Look in the material below for the line holding "CN1.6; also elsewhere on the board". Set it down exactly, with each later line up to and including the line holding "R44.1; also elsewhere on the board".

══ Input material ══

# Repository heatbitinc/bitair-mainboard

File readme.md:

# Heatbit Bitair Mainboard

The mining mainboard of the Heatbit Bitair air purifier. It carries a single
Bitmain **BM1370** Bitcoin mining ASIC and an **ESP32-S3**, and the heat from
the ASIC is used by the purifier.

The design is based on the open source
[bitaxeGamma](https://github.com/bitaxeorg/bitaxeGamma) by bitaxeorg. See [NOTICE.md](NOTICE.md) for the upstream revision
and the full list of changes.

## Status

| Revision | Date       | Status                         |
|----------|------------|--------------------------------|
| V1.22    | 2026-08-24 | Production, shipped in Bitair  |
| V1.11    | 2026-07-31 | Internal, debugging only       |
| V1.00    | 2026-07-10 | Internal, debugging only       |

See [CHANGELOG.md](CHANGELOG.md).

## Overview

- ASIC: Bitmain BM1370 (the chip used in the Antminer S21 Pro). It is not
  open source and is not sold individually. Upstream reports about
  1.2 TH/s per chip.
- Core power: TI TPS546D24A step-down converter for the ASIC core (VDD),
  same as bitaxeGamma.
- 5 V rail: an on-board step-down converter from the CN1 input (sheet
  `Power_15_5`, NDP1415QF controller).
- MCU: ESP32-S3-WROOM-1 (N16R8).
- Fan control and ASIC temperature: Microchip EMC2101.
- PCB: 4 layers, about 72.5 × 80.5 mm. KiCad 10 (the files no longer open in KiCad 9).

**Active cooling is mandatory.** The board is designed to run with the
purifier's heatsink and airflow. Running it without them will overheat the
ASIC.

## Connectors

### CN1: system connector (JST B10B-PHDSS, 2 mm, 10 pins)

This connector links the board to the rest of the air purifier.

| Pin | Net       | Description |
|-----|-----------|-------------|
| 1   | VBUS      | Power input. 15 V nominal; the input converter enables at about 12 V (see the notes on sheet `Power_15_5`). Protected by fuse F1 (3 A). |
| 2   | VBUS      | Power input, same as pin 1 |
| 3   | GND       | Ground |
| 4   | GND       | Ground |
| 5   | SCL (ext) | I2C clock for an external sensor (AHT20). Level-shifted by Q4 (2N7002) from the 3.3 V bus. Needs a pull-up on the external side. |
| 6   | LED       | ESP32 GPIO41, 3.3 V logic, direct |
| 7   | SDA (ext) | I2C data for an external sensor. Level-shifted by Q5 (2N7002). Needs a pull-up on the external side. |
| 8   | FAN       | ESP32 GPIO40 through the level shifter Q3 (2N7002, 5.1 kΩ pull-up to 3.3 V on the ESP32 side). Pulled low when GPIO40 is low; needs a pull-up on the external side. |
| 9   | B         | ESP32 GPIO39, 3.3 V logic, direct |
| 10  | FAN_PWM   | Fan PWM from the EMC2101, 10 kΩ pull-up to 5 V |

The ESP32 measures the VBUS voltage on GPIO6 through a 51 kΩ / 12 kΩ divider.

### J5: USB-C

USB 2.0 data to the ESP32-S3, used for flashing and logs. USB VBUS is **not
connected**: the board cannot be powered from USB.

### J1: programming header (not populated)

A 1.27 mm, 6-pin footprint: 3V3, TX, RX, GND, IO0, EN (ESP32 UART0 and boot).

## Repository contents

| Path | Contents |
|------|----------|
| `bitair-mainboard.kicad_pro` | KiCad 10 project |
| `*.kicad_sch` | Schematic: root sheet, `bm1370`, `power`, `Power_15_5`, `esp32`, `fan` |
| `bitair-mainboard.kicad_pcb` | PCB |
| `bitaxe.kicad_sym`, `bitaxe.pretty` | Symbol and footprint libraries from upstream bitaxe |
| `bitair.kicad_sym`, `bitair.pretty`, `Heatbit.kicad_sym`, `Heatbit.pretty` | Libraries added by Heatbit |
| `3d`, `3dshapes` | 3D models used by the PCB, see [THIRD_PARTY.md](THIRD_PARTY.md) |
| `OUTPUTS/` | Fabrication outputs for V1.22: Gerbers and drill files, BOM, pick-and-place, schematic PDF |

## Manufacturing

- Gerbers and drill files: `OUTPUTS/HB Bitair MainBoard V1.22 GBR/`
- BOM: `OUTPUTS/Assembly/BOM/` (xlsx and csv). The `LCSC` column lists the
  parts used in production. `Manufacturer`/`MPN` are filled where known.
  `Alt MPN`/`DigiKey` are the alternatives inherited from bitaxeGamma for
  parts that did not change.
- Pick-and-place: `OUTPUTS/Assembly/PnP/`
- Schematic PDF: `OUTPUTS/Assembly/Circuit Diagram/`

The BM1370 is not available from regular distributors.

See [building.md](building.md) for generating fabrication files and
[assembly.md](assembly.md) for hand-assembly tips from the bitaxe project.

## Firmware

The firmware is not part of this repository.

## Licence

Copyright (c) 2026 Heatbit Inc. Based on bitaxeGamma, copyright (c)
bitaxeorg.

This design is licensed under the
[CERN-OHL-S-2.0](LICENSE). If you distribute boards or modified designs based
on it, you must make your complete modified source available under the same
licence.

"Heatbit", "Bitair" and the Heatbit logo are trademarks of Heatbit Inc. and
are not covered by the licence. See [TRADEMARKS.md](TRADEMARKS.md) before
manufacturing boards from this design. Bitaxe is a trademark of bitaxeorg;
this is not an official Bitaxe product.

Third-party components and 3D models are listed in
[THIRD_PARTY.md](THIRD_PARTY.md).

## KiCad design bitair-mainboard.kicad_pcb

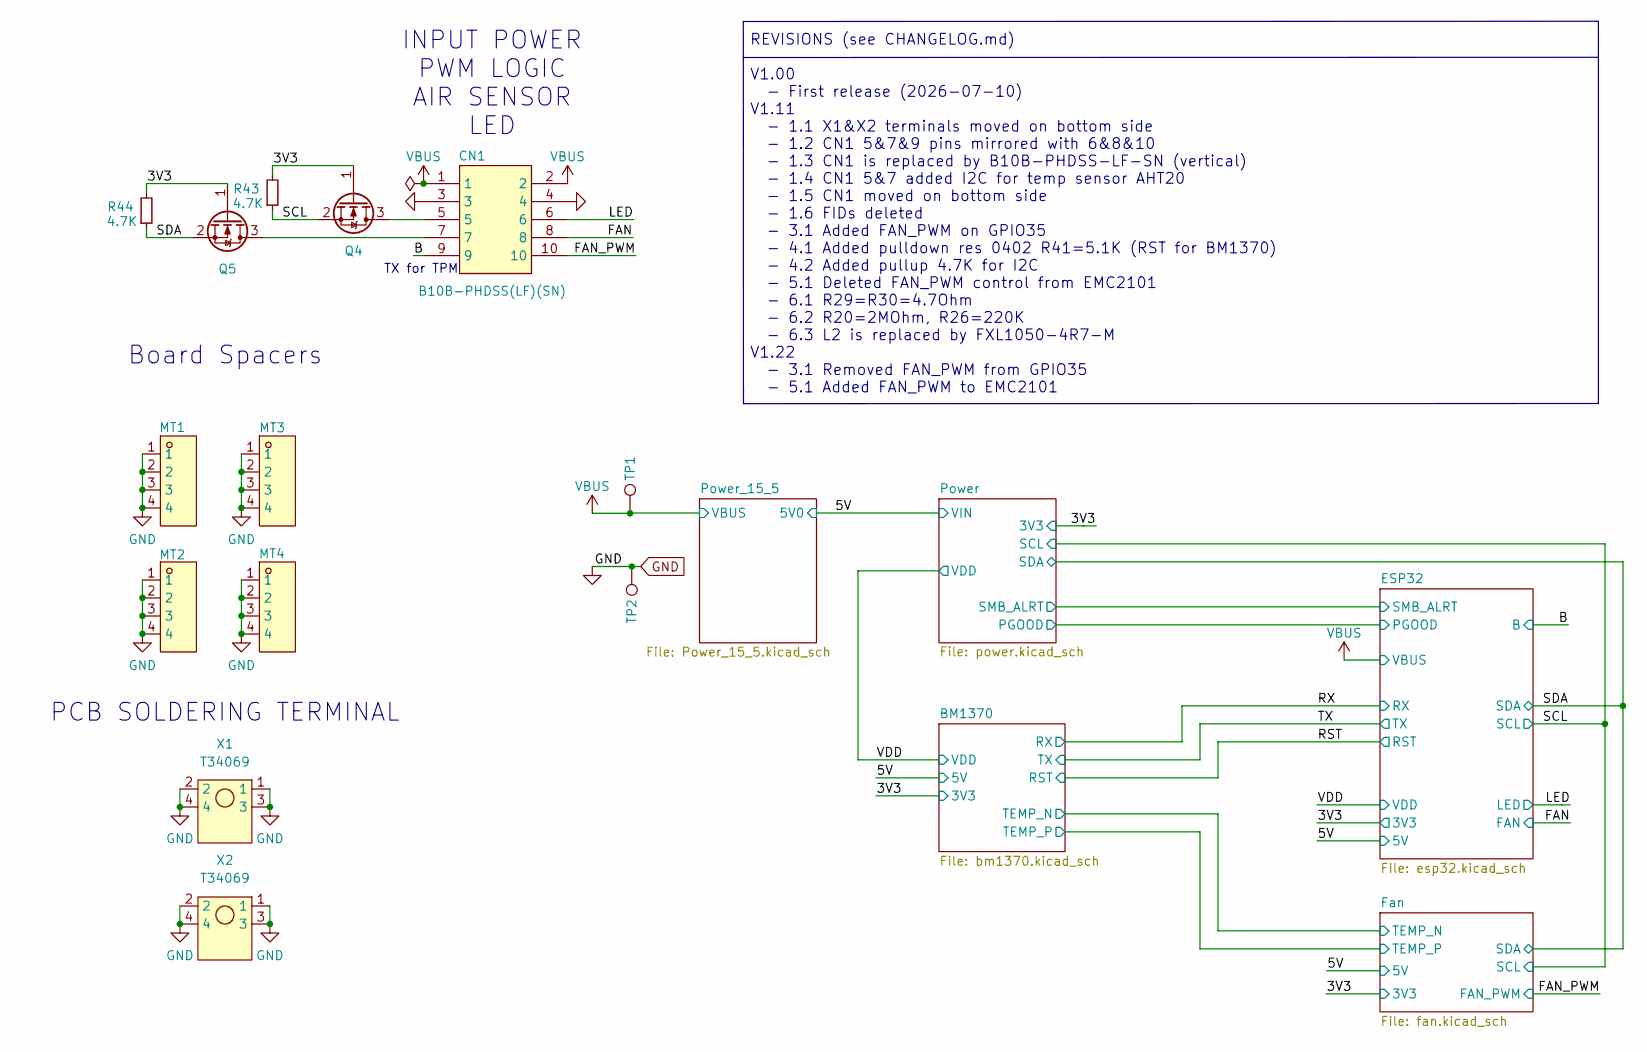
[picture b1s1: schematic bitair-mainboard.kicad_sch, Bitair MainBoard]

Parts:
CN1: B10B-PHDSS(LF)(SN); CONN-TH_B10B-PHDSS-LF-SN; MPN B10B-PHDSS(LF)(SN); LCSC C471519
MT1, MT2, MT3, MT4: SMTSO3025CTJ; SMD_BD5.6-D4.1; MPN SMTSO3025CTJ; LCSC C2916365
Q4, Q5: 2N7002E; SOT-23; MPN 2N7002ET1G; LCSC C71533
R43, R44: 4.7K; R_0402_1005Metric; LCSC C2906869
TP1, TP2: TestPoint; TestPoint_Pad_D1.5mm
X1, X2: T34069; XFCN_PKT-TH_4P-T34069; MPN T34069; LCSC C481452

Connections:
/3V3: Q4.1 (G), Q5.1 (G), R43.2, R44.2; also elsewhere on the board
/B: CN1.9; also elsewhere on the board
/FAN: CN1.8; also elsewhere on the board
/FAN_PWM: CN1.10; also elsewhere on the board
/LED: CN1.6; also elsewhere on the board
/SCL: Q4.2 (S), R43.1; also elsewhere on the board
/SDA: Q5.2 (S), R44.1; also elsewhere on the board
GND: CN1.3, CN1.4, MT1.1, MT1.2, MT1.3, MT1.4, MT2.1, MT2.2, MT2.3, MT2.4, MT3.1, MT3.2, MT3.3, MT3.4, MT4.1, MT4.2, MT4.3, MT4.4, TP2.1 (1_1), X1.1, X1.2, X1.3, X1.4, X2.1, X2.2, X2.3, X2.4; also elsewhere on the board
unnamed: CN1.5, Q4.3 (D)
unnamed: CN1.7, Q5.3 (D)
VBUS: CN1.1, CN1.2, TP1.1 (1_1); also elsewhere on the board

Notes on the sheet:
Board Spacers
PCB SOLDERING TERMINAL
INPUT POWER PWM LOGIC AIR SENSOR LED
REVISIONS (see CHANGELOG.md) V1.00 - First release (2026-07-10) V1.11 - 1.1 X1&X2 terminals moved on bottom side - 1.2 CN1 5&7&9 pins mirrored with 6&8&10 - 1.3 CN1 is replaced by B10B-PHDSS-LF-SN (vertical) - 1.4 CN1 5&7 added I2C for temp sensor AHT20 - 1.5 CN1 moved on bottom side - 1.6 FIDs del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
TX for TPM

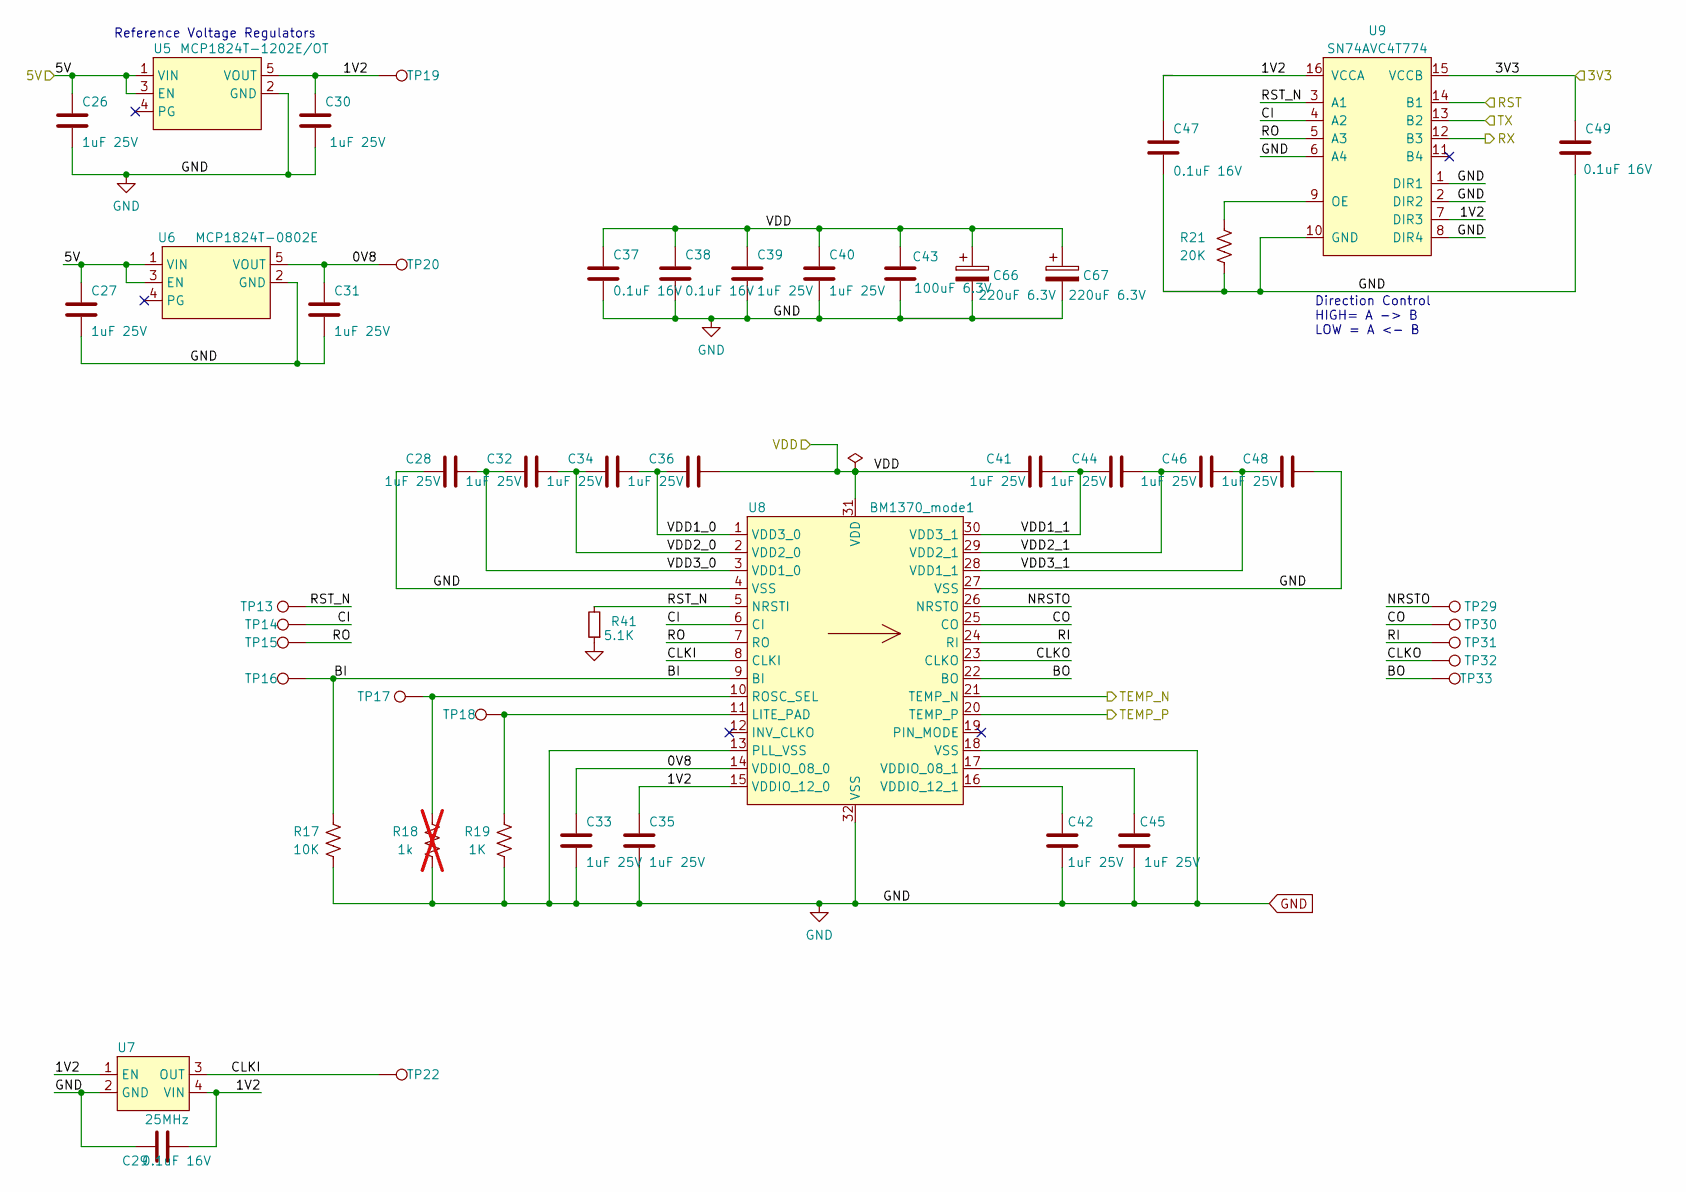
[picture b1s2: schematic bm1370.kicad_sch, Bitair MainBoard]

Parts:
C26, C27, C28, C30, C31, C32, C33, C34, C35, C36, C39, C40, C41, C42, C44, C45, C46, C48: 1uF 25V; C_0402_1005Metric; LCSC C7467048
C29, C37, C38, C47, C49: 0.1uF 16V; C_0402_1005Metric; DigiKey 1276-1234-1-ND
C43: 100uF 6.3V; C_1206_3216Metric; DigiKey 1276-1782-1-ND
C66, C67: 220uF 6.3V; CAP-SMD_L3.5-W2.8-R-RD; MPN 6TPE220MAZB; LCSC C79111
R17: 10K; R_0402_1005Metric; DigiKey 311-10KJRCT-ND
R18: 1k; R_0402_1005Metric; DigiKey 311-1.00KLRCT-ND; not fitted
R19: 1K; R_0402_1005Metric; DigiKey 311-1.00KLRCT-ND
R21: 20K; R_0402_1005Metric; DigiKey 311-20.0KLRCT-ND
R41: 5.1K; R_0402_1005Metric; LCSC C2906874
TP13, TP14, TP15, TP16, TP17, TP18, TP19, TP20, TP22, TP29, TP30, TP31, TP32, TP33: TestPoint; TestPoint_Pad_D1.5mm
U5: MCP1824T-1202E/OT; SOT-23-5; MPN MCP1824T-1202E/OT; DigiKey MCP1824T-1202E/OTCT-ND
U6: MCP1824T-0802E; SOT-23-5; MPN MCP1824T-0802E/OT; DigiKey MCP1824T-0802E/OTCT-ND
U7: 25MHz; SMD3225-4P; MPN SX3M25.000E20F30THN; LCSC C5137262
U8: BM1370_mode1; BM1370; MPN BM1370
U9: SN74AVC4T774; TSSOP-16_4.4x5mm_P0.65mm; MPN SN74AVC4T774PWR; DigiKey 296-24739-1-ND

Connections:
5V0: C26.1, C27.1, U5.1 (VIN), U5.3 (EN), U6.1 (VIN), U6.3 (EN); also elsewhere on the board
/3V3: C49.1, U9.15 (VCCB); also elsewhere on the board
/BM1370/0V8: C31.1, C33.1, TP20.1 (1_1), U6.5 (VOUT), U8.14 (VDDIO_08_0)
/BM1370/1V2: C29.2, C30.1, C35.1, C47.1, TP19.1 (1_1), U5.5 (VOUT), U7.1 (EN), U7.4 (VIN), U8.15 (VDDIO_12_0), U9.7 (DIR3), U9.16 (VCCA)
/BM1370/BI: R17.2, TP16.1 (1_1), U8.9 (BI)
/BM1370/BO: TP33.1 (1_1), U8.22 (BO)
/BM1370/CI: TP14.1 (1_1), U8.6 (CI), U9.4 (A2)
/BM1370/CLKI: TP22.1 (1_1), U7.3 (OUT), U8.8 (CLKI)
/BM1370/CLKO: TP32.1 (1_1), U8.23 (CLKO)
/BM1370/CO: TP30.1 (1_1), U8.25 (CO)
/BM1370/NRSTO: TP29.1 (1_1), U8.26 (NRSTO)
/BM1370/RI: TP31.1 (1_1), U8.24 (RI)
/BM1370/RO: TP15.1 (1_1), U8.7 (RO), U9.5 (A3)
/BM1370/RST_N: R41.2, TP13.1 (1_1), U8.5 (NRSTI), U9.3 (A1)
/BM1370/VDD1_0: C34.2, C36.1, U8.1 (VDD3_0)
/BM1370/VDD1_1: C41.2, C44.1, U8.30 (VDD3_1)
/BM1370/VDD2_0: C32.2, C34.1, U8.2 (VDD2_0)
/BM1370/VDD2_1: C44.2, C46.1, U8.29 (VDD2_1)
/BM1370/VDD3_0: C28.2, C32.1, U8.3 (VDD1_0)
/BM1370/VDD3_1: C46.2, C48.1, U8.28 (VDD1_1)
/Fan/TEMP_N: U8.21 (TEMP_N); also elsewhere on the board
/Fan/TEMP_P: U8.20 (TEMP_P); also elsewhere on the board
/RST: U9.14 (B1); also elsewhere on the board
/RX: U9.12 (B3); also elsewhere on the board
/TX: U9.13 (B2); also elsewhere on the board
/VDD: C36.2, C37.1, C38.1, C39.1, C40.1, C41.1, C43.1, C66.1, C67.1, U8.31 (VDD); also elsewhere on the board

═══

(Reply)
/LED: CN1.6; also elsewhere on the board
/SCL: Q4.2 (S), R43.1; also elsewhere on the board
/SDA: Q5.2 (S), R44.1; also elsewhere on the board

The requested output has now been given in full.